Kerbau
Nur Haryanto ; Wartawan
Tempo
|
KORAN
TEMPO, 08 November 2014
Namanya Bagong. Nama tenar dari tokoh punakawan dalam kisah
pewayangan ini disematkan kepada seekor kerbau milik Keraton Kasunanan
Surakarta. Pekan lalu, Bagong meninggal, atau lebih tepatnya mati.
Kematiannya cukup tragis, karena Bagong ditusuk dengan tombak oleh seseorang
dua pekan sebelum mengembuskan napas terakhir.
Bagong adalah kerbau albino yang disebut orang Jawa sebagai kebo
bule. Meski keturunan "darah biru" dari kerbau Keraton Surakarta,
yakni Kyai Slamet, Bagong dipelihara bersama kerbau warga di area persawahan
di Sukoharjo, Jawa Tengah. Jaraknya sekitar 5 kilometer dari keraton. Sebagai
penghormatan terakhir, Bagong dikubur di Siti Hinggil halaman keraton.
Alangkah istimewanya kerbau ini.

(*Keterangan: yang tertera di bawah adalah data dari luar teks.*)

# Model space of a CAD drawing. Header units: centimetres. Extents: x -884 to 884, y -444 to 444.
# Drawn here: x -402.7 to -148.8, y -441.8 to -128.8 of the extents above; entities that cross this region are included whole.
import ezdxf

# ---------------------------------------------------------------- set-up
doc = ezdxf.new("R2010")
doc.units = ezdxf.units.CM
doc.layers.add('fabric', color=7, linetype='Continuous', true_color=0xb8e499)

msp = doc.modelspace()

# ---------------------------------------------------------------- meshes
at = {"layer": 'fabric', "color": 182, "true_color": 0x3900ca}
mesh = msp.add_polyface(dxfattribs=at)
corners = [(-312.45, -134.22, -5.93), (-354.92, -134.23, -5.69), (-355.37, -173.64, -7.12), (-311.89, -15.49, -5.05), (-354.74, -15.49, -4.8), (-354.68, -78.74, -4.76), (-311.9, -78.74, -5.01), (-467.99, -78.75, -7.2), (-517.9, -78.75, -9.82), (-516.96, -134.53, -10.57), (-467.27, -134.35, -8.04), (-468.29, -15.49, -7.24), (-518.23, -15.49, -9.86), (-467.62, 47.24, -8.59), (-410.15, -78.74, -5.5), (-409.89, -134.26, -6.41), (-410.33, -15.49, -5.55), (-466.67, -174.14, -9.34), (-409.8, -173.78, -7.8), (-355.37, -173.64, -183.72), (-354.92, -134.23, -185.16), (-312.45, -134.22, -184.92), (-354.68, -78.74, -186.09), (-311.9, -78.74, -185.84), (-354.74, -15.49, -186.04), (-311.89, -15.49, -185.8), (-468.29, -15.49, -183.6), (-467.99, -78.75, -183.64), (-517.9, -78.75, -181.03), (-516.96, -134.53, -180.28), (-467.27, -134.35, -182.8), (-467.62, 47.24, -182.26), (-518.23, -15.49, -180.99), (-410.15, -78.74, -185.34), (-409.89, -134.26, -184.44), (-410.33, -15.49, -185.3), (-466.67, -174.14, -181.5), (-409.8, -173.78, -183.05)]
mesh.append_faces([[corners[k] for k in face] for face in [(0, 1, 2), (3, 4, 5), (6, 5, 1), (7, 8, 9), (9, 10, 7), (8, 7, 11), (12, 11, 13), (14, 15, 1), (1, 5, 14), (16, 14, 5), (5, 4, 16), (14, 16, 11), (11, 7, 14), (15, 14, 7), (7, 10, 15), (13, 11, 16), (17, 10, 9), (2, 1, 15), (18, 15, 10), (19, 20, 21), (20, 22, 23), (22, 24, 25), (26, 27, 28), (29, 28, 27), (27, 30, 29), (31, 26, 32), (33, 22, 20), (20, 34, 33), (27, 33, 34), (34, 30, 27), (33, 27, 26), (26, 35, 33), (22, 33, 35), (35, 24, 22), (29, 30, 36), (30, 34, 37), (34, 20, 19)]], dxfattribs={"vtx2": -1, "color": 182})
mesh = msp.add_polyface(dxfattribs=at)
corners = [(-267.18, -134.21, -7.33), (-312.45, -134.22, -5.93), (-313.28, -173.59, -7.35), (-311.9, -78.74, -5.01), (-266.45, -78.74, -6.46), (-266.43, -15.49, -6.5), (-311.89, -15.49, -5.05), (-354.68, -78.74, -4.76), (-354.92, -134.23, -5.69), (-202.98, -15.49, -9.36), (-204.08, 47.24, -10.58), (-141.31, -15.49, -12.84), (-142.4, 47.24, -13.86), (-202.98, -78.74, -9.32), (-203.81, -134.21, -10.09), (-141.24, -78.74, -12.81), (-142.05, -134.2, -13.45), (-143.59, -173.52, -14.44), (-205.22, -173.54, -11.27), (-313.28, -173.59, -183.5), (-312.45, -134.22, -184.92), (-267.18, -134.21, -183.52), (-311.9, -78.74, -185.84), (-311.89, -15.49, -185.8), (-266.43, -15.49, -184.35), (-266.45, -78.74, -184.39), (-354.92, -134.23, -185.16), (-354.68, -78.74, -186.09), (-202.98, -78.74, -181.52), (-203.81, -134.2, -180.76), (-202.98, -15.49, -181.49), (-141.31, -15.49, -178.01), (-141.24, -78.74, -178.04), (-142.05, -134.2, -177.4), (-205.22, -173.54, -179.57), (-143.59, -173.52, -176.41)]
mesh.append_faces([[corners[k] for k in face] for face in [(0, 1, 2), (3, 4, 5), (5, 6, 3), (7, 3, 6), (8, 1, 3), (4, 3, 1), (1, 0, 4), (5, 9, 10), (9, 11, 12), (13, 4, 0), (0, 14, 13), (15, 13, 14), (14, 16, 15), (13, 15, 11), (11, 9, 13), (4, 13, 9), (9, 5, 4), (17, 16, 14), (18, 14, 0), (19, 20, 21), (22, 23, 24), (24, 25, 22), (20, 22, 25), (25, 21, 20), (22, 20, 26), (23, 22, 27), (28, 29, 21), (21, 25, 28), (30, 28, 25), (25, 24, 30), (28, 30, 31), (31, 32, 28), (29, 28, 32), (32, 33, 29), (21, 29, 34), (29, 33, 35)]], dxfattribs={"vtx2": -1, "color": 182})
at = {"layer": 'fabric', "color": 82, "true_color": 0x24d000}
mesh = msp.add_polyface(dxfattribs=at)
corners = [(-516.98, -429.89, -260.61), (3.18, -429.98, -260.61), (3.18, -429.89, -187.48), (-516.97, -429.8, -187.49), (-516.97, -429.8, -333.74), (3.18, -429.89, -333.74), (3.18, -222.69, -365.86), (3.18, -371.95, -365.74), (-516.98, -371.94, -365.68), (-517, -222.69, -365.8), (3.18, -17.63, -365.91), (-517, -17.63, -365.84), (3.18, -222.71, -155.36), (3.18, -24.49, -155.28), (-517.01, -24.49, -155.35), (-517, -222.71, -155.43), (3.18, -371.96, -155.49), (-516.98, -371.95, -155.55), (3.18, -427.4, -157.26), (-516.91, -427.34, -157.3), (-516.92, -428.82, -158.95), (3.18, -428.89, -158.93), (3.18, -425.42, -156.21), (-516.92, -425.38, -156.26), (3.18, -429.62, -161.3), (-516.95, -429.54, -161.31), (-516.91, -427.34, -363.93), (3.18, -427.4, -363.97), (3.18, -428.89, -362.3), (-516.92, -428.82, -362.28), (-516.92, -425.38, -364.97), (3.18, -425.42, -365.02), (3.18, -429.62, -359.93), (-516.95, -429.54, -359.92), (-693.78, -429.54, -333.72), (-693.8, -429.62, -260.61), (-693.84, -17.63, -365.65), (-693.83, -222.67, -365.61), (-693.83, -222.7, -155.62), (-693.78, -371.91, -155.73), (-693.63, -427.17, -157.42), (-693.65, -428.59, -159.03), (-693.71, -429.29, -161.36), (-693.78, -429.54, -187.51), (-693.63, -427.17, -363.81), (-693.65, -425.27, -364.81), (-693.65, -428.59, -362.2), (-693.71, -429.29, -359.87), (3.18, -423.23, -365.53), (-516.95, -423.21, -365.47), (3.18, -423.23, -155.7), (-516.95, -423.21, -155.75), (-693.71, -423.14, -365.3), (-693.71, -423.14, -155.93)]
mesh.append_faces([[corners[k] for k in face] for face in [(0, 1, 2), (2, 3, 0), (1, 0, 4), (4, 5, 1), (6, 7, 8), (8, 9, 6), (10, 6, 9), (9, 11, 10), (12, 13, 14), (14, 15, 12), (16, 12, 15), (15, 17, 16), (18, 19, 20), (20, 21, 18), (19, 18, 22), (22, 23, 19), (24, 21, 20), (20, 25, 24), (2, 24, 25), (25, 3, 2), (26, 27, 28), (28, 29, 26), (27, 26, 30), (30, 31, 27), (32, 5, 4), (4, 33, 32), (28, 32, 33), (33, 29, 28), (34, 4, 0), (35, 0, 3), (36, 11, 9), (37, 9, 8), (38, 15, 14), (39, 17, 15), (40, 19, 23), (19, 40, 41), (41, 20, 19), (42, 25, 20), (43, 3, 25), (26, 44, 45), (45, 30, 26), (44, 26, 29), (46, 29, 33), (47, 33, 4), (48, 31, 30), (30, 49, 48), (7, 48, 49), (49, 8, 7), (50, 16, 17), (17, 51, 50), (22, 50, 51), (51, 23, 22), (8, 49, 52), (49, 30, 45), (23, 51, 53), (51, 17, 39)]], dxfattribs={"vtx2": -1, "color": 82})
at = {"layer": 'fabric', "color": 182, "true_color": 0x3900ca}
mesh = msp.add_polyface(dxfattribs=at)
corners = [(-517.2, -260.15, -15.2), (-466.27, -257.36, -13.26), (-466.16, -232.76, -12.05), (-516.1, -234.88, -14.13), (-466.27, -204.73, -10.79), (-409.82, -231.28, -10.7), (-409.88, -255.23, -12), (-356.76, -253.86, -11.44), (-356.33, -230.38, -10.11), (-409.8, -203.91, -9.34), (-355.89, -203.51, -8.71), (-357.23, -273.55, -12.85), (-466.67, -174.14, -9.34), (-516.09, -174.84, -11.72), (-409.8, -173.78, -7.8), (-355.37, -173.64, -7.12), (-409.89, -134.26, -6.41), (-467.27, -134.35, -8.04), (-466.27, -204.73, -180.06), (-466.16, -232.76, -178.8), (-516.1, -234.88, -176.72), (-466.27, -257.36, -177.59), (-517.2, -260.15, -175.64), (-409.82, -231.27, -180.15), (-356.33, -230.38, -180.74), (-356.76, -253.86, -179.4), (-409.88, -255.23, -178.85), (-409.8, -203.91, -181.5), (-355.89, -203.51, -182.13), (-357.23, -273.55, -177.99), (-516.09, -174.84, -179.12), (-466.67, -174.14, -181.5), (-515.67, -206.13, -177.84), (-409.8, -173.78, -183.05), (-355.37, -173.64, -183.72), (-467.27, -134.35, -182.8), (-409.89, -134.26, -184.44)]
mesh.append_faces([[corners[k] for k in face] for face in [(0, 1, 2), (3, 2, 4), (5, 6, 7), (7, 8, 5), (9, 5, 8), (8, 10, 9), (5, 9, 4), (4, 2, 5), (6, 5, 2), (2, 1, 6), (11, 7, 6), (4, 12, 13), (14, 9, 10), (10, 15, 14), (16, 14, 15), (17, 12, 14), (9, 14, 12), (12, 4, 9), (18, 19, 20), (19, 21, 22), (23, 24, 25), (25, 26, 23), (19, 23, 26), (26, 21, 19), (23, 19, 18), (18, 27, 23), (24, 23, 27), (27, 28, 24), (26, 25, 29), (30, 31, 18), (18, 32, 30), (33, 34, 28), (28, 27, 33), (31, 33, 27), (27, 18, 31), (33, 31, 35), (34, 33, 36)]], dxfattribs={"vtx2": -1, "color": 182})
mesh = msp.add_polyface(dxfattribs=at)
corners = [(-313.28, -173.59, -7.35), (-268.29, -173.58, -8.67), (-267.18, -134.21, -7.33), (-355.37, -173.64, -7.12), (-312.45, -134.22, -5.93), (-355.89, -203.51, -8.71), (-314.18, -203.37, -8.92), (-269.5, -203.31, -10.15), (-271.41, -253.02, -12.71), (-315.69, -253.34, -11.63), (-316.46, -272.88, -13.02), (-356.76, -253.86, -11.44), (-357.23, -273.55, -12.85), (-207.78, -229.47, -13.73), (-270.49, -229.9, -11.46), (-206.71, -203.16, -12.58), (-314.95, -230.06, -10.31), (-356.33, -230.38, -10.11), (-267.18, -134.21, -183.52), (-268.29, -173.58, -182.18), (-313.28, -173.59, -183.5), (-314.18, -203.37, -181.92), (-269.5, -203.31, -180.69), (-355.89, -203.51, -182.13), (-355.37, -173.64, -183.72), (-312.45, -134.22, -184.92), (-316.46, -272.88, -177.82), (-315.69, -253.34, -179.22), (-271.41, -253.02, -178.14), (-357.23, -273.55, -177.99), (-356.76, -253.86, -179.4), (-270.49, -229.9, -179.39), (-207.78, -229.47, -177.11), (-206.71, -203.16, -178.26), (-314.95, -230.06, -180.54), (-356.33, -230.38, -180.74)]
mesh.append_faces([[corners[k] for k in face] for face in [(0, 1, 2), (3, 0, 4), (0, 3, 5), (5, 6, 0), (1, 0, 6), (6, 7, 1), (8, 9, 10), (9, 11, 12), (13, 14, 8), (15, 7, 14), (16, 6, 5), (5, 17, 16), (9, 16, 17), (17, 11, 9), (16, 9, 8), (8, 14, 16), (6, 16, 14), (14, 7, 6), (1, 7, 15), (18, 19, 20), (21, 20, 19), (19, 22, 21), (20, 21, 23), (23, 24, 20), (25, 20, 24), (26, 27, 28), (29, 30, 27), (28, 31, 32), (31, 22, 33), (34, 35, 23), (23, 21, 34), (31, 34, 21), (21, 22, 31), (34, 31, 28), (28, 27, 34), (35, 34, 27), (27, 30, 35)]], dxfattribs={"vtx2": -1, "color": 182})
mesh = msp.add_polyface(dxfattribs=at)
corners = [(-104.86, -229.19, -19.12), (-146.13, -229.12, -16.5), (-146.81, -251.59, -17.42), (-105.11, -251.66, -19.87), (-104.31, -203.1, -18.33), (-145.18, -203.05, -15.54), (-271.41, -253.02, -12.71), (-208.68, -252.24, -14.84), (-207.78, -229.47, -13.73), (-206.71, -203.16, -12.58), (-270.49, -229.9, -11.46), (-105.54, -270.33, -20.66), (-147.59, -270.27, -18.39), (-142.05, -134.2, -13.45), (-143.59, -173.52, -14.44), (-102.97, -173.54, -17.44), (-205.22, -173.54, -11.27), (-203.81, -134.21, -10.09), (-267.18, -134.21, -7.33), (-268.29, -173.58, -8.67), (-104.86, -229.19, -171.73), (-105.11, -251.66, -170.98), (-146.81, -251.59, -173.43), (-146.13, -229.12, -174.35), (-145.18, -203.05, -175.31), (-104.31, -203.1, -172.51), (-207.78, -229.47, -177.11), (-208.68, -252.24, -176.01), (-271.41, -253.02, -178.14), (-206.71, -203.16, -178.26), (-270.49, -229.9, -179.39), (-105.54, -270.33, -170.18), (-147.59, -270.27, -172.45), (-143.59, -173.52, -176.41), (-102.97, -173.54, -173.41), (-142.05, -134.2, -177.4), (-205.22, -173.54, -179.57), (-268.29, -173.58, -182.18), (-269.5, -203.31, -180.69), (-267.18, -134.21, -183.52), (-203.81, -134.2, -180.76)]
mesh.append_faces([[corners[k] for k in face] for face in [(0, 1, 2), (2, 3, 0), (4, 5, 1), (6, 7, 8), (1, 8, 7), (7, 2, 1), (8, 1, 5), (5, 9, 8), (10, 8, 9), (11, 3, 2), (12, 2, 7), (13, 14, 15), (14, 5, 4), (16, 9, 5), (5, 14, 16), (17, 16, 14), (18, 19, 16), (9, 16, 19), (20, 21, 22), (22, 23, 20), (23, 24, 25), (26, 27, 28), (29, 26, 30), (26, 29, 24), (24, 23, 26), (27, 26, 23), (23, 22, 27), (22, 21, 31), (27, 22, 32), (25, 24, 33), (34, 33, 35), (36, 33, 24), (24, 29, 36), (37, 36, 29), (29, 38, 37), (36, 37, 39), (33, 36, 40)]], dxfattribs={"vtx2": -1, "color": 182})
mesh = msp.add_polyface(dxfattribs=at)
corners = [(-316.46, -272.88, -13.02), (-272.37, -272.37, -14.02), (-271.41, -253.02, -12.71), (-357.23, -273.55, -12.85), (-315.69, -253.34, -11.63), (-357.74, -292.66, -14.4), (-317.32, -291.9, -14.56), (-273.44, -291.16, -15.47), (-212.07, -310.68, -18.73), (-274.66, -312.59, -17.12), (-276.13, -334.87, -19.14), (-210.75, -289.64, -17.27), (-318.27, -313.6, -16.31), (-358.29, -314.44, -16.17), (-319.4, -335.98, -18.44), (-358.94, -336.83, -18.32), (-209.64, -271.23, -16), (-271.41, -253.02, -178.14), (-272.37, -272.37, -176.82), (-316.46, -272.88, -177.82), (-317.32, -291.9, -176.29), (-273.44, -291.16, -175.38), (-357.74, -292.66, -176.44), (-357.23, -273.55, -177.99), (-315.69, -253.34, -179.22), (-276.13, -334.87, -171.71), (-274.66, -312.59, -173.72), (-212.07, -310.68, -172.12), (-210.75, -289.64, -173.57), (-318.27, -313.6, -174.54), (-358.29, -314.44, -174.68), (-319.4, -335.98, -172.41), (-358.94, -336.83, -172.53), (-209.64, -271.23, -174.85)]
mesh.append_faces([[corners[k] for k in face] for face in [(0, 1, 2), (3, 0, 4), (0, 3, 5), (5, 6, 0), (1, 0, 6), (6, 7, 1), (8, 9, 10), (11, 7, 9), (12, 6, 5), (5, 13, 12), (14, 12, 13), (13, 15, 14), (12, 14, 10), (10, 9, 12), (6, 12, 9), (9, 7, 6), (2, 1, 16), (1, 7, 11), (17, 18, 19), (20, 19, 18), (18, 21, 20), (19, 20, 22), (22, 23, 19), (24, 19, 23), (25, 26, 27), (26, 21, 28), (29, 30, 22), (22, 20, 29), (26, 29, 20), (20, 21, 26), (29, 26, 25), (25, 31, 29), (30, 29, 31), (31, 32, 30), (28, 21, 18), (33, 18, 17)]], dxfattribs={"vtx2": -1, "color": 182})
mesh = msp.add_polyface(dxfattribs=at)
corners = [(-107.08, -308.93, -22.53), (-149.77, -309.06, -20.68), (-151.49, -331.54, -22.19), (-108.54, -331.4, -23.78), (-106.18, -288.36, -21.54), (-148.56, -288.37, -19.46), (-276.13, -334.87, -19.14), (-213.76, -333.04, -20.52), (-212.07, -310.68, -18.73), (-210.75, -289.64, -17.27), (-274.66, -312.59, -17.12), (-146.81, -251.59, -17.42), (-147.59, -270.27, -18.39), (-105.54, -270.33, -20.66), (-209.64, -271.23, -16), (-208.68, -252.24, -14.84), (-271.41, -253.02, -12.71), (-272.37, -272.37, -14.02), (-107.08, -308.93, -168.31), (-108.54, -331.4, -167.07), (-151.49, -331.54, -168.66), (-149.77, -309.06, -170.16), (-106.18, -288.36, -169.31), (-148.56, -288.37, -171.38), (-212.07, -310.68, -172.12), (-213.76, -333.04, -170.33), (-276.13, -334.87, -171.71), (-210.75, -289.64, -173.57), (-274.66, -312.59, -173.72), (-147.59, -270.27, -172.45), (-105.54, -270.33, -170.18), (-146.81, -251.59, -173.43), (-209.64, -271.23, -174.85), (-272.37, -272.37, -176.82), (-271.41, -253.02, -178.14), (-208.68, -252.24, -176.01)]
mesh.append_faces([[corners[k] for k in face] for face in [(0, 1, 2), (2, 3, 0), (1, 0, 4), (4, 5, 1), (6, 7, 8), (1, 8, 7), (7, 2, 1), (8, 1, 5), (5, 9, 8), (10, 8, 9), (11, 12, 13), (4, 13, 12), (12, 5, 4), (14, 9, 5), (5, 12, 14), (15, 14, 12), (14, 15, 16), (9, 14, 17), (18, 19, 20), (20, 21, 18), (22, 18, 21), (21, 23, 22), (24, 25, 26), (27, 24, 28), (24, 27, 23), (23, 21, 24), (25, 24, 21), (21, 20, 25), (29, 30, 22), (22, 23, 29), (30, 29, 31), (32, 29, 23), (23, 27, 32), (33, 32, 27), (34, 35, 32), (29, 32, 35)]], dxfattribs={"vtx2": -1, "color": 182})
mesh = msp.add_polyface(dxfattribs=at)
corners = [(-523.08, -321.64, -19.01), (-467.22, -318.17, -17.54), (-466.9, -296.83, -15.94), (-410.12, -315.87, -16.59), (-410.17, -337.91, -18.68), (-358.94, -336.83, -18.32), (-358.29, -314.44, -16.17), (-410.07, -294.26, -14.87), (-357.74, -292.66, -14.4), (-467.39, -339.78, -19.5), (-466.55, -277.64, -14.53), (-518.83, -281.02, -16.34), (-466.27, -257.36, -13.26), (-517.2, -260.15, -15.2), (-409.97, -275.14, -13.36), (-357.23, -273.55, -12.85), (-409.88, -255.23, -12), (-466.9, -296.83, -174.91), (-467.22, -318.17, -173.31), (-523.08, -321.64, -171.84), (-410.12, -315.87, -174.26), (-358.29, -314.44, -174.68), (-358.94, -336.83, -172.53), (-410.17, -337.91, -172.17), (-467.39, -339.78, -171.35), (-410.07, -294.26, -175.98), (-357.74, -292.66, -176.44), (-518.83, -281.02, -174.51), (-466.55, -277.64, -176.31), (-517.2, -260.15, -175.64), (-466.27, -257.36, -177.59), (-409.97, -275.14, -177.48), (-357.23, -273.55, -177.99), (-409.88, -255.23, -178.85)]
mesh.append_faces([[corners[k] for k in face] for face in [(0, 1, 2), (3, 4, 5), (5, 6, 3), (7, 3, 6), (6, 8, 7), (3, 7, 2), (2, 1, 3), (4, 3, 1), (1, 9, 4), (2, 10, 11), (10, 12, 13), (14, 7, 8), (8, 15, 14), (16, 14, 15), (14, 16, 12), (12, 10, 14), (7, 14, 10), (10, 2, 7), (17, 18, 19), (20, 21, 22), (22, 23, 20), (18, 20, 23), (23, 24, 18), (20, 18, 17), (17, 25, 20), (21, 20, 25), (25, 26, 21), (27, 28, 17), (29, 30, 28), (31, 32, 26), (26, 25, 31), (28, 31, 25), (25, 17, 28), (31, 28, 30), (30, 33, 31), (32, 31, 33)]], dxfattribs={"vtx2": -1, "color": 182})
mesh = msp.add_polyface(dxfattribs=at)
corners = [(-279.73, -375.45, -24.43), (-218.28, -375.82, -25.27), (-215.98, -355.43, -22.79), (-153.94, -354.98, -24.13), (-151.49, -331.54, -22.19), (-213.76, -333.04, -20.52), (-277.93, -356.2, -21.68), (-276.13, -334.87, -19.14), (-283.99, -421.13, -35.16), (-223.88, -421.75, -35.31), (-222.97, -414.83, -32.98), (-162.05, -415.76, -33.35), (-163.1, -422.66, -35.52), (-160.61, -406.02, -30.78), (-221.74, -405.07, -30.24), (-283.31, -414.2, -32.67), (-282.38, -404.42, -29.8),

Sebenarnya budaya
mengistimewakan kerbau bukan milik orang Jawa saja, tapi juga orang Toraja.
Di Tana Toraja, Sulawesi Selatan, dalam upacara Rambu Solok-upacara
kematian-yang agung dan sakral, ratusan kerbau dipotong. Salah satu kerbau
yang menjadi favorit adalah Tedong Bonga, kerbau yang mempunyai warna belang
hitam dam putih. Harga kerbau jenis ini bisa mencapai Rp 350 juta, untuk
dipancung dalam upacara itu. Mungkin orang Jawa memilih untuk membeli mobil
dengan uang sebesar itu.
Tanduk kerbau yang tersisa dalam upacara itu kemudian disusun di
depan tongkonan, sebutan rumah adat Toraja. Tanduk kerbau ini menjadi
perlambang status sosial warga Tana Toraja. Semakin banyak susunan tanduk
kerbau di depan tongkonan, semakin tinggi pula status sosial maupun ekonomi
seseorang.
Tak kurang 95 persen populasi kerbau di dunia ada di Asia,
termasuk di Pakistan, India, Bangladesh, Bhutan, Nepal, Cina, dan kawasan
Asia Tenggara. Hewan ternak ini tak cuma membantu petani membajak sawah, tapi
juga rata-rata diambil daging dan susunya.
Ada dua subspesies kerbau yang hidup di Asia, yaitu kerbau
sungai yang dapat dijumpai di Nepal pada ketinggian 2.800 meter dan kerbau
rawa yang ada di Danau Panggang, Kalimantan Selatan. Untuk kerbau rawa di
tempat ini, harganya sekitar Rp 10 juta-kalah jauh dibanding harga kerbau di
Toraja. Namun peternak kerbau rawa di Kalimantan Selatan rata-rata memiliki
40-100 ekor. Jika pemiliknya hendak naik haji, tinggal jual 3-4 kerbau.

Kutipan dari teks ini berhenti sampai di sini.